Work order
Write out word for word each line of the records, beginning at the first and stopping after the line with "line L8 (6, 1.5453) -> (6, 2) construction". Leave the pictures out.

Data: Begin

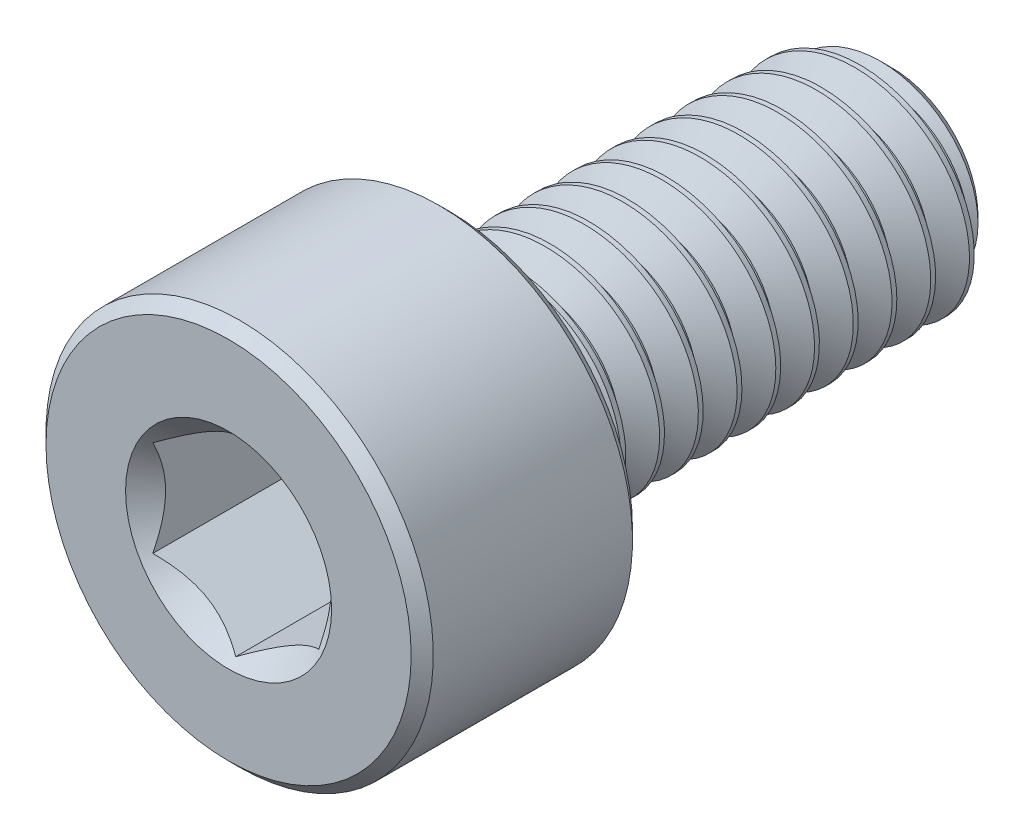
SolidWorks part; units mm, degrees
ref_plane "Front Plane" through (0, 0, 0) normal (0, 0, 1) x (1, 0, 0)
ref_plane "Top Plane" through (0, 0, 0) normal (0, 1, 0) x (1, 0, 0)
ref_plane "Right Plane" through (0, 0, 0) normal (1, 0, 0) x (0, 0, -1)
sketch "Sketch1" plane through (0, 0, 0) normal (1, 0, 0) x (0, 0, -1)
  line L0 (-6, 0) -> (6, 0) construction
  line L1 (6, 0) -> (6, 1.5453) construction
  line L2 (6, 1.5453) -> (5.5453, 2) construction
  line L3 (5.5453, 2) -> (5.475, 2) construction
  line L4 (5.475, 2) -> (-2, 2) construction
  line L5 (-2, 2) -> (-2, 3.5) construction
  line L6 (-2, 3.5) -> (-6, 3.5) construction
  line L7 (-6, 3.5) -> (-6, 0) construction
  line L8 (6, 1.5453) -> (6, 2) construction
  line L9 (5.9562, 2.0758) -> (6.3062, 1.4696) construction
  line L10 (6.3062, 1.4696) -> (6.6562, 2.0758) construction
  line L11 (6.6562, 2.0758) -> (5.9562, 2.0758) construction
  line L12 (6.3062, 2.0758) -> (6.3062, 2) construction
  line L13 (6.3062, 1.4696) -> (6.3062, 1.5453) construction
  line L14 (6.2625, 1.5453) -> (6.35, 1.5453) construction
  line L15 (6, 2) -> (6.6125, 2) construction
  line L16 (5.9781, 2.0379) -> (6.6344, 2.0379) construction
  line L17 (6, 0) -> (6, -2) construction
  line L18 (-2.2, 3.5) -> (-2, 3.3) construction
  line L19 (-5.8, 3.5) -> (-6, 3.3) construction
  line L20 (-2, 2) -> (-2, 0) construction
  line L21 (-2, 1) -> (0.6667, 1) construction
  line L22 (0.6667, 1) -> (3.3333, 1) construction
  line L23 (3.3333, 1) -> (6, 1) construction
  line L24 (0.6667, 1) -> (0.6667, 2) construction
  line L25 (0.6667, 2) -> (0.6667, 3.5) construction
  line L26 (3.3333, 1) -> (3.3333, 3.5) construction
  point P0 (-6, 1.5)
  point P3 (4.25, 2)
  point P4 (0, 0)
  point P18 (3.3333, 2)
  point P22 (6.3062, 1.5453)
  point P24 (5.475, 2)
  point P25 (6.3062, 2)
  point P28 (6.3062, 2.0379)
  point P29 (4.25, -2)
  point P30 (0.6667, 2)
  point P31 (-4, 3.5)
  point P37 (-2.7, 3.5)
  point P38 (-5.7, 3.5)
  point P45 (0.6667, 1)
  point P46 (3.3333, 1)
  dimension "D2" = 0.0875
  dimension "D7" = 0.2
  dimension "D8" = 0.2
  dimension "D9" = 0.2
  dimension "D10" = 0.1
  dimension "D11" = 0.5
  dimension "Drive Size" = 3
  dimension "Head Diameter" = 7
  dimension "Head Height" = 4
  dimension "Thread Pitch" = 0.7
  dimension "Thread Dia" = 4
  dimension "Length" = 8
  dimension "D12" = 0.525
  dimension "D4" = 1.75
  dimension "D3" = 45
sketch "Sketch2" plane through (0, 0, 0) normal (1, 0, 0) x (0, 0, -1)
  line L0 (-6, 0) -> (-6, 3.3)
  line L1 (-5.8, 3.5) -> (-2.2, 3.5)
  line L2 (-2, 3.3) -> (-2, 2.2)
  line L4 (5.5453, 2) -> (6, 1.5453)
  line L5 (6, 1.5453) -> (6, 0)
  line L6 (-2, 3.5) -> (-6, 3.5) construction
  line L7 (6, 0) -> (-6, 0)
  line L8 (-5.8, 3.5) -> (-6, 3.3) construction
  line L10 (-5.8, 3.5) -> (-6, 3.3)
  line L14 (-2.2, 3.5) -> (-2, 3.3) construction
  line L16 (-2.2, 3.5) -> (-2, 3.3)
  line L17 (-2, 2) -> (-2, 3.5) construction
  line L19 (-1.8, 2) -> (5.5453, 2)
  line L20 (5.475, 2) -> (-2, 2) construction
  arc A1 (-2, 2.2) -> (-1.8, 2) centre (-1.8, 2.2) ccw
  dimension "D3" = 0.2
revolve "Revolve1" add sketch "Sketch2" angle 360 about L7
sketch "Sketch3" plane through (0, 0, 6) normal (0, 0, 1) x (1, 0, 0)
  line L1 (1.5, -0.866) -> (1.5, 0.866)
  line L2 (1.5, 0.866) -> (0, 1.7321)
  line L3 (0, 1.7321) -> (-1.5, 0.866)
  line L4 (-1.5, 0.866) -> (-1.5, -0.866)
  line L5 (-1.5, -0.866) -> (0, -1.7321)
  line L6 (0, -1.7321) -> (1.5, -0.866)
  circle A0 centre (0, 0) radius 1.5 construction
  circle A1 centre (0, 0) radius 3.5 construction
  circle A2 centre (0, 0) radius 3.5 construction
  circle A3 centre (0, 0) radius 1.7321 construction
  point P13 (0, 0)
  dimension "D1" = 3.4641
extrude "Cut-Extrude1" cut sketch "Sketch3" against normal offset from surface (3 mm away) 1 up to face at (0, 3.3, 2)
sketch "Sketch4" plane through (0, 0, 6) normal (0, 0, 1) x (1, 0, 0)
  circle A0 centre (0, 0) radius 1.862
  dimension "D1" = 3.7239
extrude "Cut-Extrude2" cut sketch "Sketch4" against normal up to vertex (2 mm away) draft 45 up to point (0, 3.5, 4)
sketch "Sketch11" plane through (0, 0, 0) normal (1, 0, 0) x (0, 0, -1)
  line L0 (-6, 0) -> (6, 0) construction
  line L1 (-6, 0) -> (6, 0) construction
  line L2 (-0.5, 0) -> (-0.5, 2) construction
  line L3 (5.475, 2) -> (-2, 2) construction
  line L4 (4.5, 0) -> (4.5, 2) construction
  line L6 (6, 1.5453) -> (6, 2) construction
  point P2 (-0.5, 0)
  point P3 (4.5, 0)
  dimension "D1" = 1.5
  dimension "D2" = 1.5
sketch "Sketch6" plane through (0, 0, -6) normal (0, 0, -1) x (-1, 0, 0)
  circle A0 centre (0, 0) radius 2
curve "Helix/Spiral1" pitch 0.7 height 8.7 radius 2 centre (0, 0, -6) axis (0, 0, 1) start towards (0, 1, 0)
sketch "Sketch10" plane through (0, 0, 0) normal (1, 0, 0) x (0, 0, -1)
  line L0 (-1.8, -3.5) -> (-1.8, 3.5)
  line L5 (-6, 0) -> (6, 0) construction
  line L6 (-1.8, 2) -> (-1.8, -2) construction
  point P3 (-1.8, 0)
split "Split1" trim tools "Sketch10" bodies to split 106 resulting bodies 114 115
sketch "Sketch7" plane through (0, 0, 0) normal (1, 0, 0) x (0, 0, -1)
  line L0 (5.9781, 2.0379) -> (6.6344, 2.0379)
  line L1 (6.6344, 2.0379) -> (6.35, 1.5453)
  line L2 (6.35, 1.5453) -> (6.2625, 1.5453)
  line L3 (6.2625, 1.5453) -> (5.9781, 2.0379)
sweep "Cut-Sweep1" cut profiles "Sketch7" path "Helix/Spiral1" align with end faces yes
sketch "Sketch8" plane through (0, 0, 0) normal (1, 0, 0) x (0, 0, -1)
  line L0 (-2, 0) -> (-2, 2)
  line L1 (-1.8, -2) -> (-1.8, 2) construction
  line L2 (-2, 2) -> (-1.8, 2)
  line L4 (-1.8, 2) -> (-0.6453, 0)
  line L5 (-0.6453, 0) -> (-2, 0)
  line L6 (5.475, 2) -> (-2, 2) construction
  line L7 (-6, 0) -> (6, 0) construction
  dimension "D1" = 60
revolve "Revolve2" add sketch "Sketch8" angle 360 about L5
equation "\"D2@Sketch1\" = \"Thread Pitch@Sketch1\" / 8"
equation "\"D4@Helix/Spiral1\" = \"Thread Pitch@Sketch1\""
equation "\"D7@Sketch1\" = \"Head Height@Sketch1\" * .05"
equation "\"D8@Sketch1\"=\"D7@Sketch1\""
equation "\"D9@Sketch1\"=\"D7@Sketch1\""
equation "\"D10@Sketch1\"=\"D7@Sketch1\"/2"
equation "\"D11@Sketch1\"=\"D10@Sketch1\"*5"
equation "\"D4@Sketch1\"=\"Thread Pitch@Sketch1\"*2.5"
equation "\"D12@Sketch1\"=\"Thread Pitch@Sketch1\"*.75"
equation "\"D3@Helix/Spiral1\"=\"Length@Sketch1\"+\"Thread Pitch@Sketch1\""
equation "\"D3@Sketch2\"=\"Thread Dia@Sketch1\"*0.05"
equation "\"D1@Sketch11\"=\"Length@Sketch1\"*0.1875"
equation "\"D2@Sketch11\"=\"D1@Sketch11\""
equation "\"D1@Sketch4\"=\"D1@Sketch3\"*1.075"

Data: End

Response
SolidWorks part; units mm, degrees
ref_plane "Front Plane" through (0, 0, 0) normal (0, 0, 1) x (1, 0, 0)
ref_plane "Top Plane" through (0, 0, 0) normal (0, 1, 0) x (1, 0, 0)
ref_plane "Right Plane" through (0, 0, 0) normal (1, 0, 0) x (0, 0, -1)
sketch "Sketch1" plane through (0, 0, 0) normal (1, 0, 0) x (0, 0, -1)
  line L0 (-6, 0) -> (6, 0) construction
  line L1 (6, 0) -> (6, 1.5453) construction
  line L2 (6, 1.5453) -> (5.5453, 2) construction
  line L3 (5.5453, 2) -> (5.475, 2) construction
  line L4 (5.475, 2) -> (-2, 2) construction
  line L5 (-2, 2) -> (-2, 3.5) construction
  line L6 (-2, 3.5) -> (-6, 3.5) construction
  line L7 (-6, 3.5) -> (-6, 0) construction
  line L8 (6, 1.5453) -> (6, 2) construction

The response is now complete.